• _Your task_: Would you copy the entries that follow exactly, leaving out every picture?

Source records
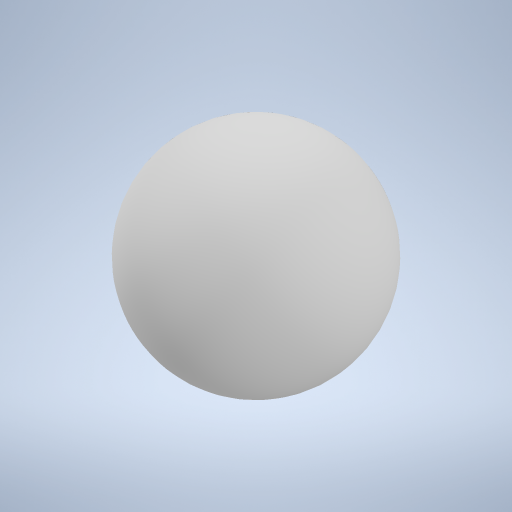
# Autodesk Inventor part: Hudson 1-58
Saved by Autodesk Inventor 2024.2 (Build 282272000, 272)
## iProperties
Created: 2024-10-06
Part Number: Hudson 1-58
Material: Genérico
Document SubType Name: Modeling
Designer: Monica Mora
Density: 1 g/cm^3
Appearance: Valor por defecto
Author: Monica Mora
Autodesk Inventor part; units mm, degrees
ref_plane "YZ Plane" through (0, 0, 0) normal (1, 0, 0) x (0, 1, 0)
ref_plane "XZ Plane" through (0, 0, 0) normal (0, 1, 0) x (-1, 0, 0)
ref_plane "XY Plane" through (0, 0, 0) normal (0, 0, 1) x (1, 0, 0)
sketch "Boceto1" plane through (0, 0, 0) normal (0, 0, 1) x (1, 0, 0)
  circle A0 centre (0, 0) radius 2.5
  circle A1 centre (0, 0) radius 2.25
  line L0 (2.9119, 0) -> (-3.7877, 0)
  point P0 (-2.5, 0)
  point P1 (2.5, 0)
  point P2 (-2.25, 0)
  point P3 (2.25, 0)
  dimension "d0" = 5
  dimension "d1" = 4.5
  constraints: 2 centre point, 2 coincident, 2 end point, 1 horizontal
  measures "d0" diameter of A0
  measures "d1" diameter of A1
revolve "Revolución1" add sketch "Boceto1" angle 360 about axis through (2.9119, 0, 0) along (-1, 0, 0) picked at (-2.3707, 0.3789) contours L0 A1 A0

• _Your solution_:
# Autodesk Inventor part: Hudson 1-58
Saved by Autodesk Inventor 2024.2 (Build 282272000, 272)
## iProperties
Created: 2024-10-06
Part Number: Hudson 1-58
Material: Genérico
Document SubType Name: Modeling
Designer: Monica Mora
Density: 1 g/cm^3
Appearance: Valor por defecto
Author: Monica Mora
Autodesk Inventor part; units mm, degrees
ref_plane "YZ Plane" through (0, 0, 0) normal (1, 0, 0) x (0, 1, 0)
ref_plane "XZ Plane" through (0, 0, 0) normal (0, 1, 0) x (-1, 0, 0)
ref_plane "XY Plane" through (0, 0, 0) normal (0, 0, 1) x (1, 0, 0)
sketch "Boceto1" plane through (0, 0, 0) normal (0, 0, 1) x (1, 0, 0)
  circle A0 centre (0, 0) radius 2.5
  circle A1 centre (0, 0) radius 2.25
  line L0 (2.9119, 0) -> (-3.7877, 0)
  point P0 (-2.5, 0)
  point P1 (2.5, 0)
  point P2 (-2.25, 0)
  point P3 (2.25, 0)
  dimension "d0" = 5
  dimension "d1" = 4.5
  constraints: 2 centre point, 2 coincident, 2 end point, 1 horizontal
  measures "d0" diameter of A0
  measures "d1" diameter of A1
revolve "Revolución1" add sketch "Boceto1" angle 360 about axis through (2.9119, 0, 0) along (-1, 0, 0) picked at (-2.3707, 0.3789) contours L0 A1 A0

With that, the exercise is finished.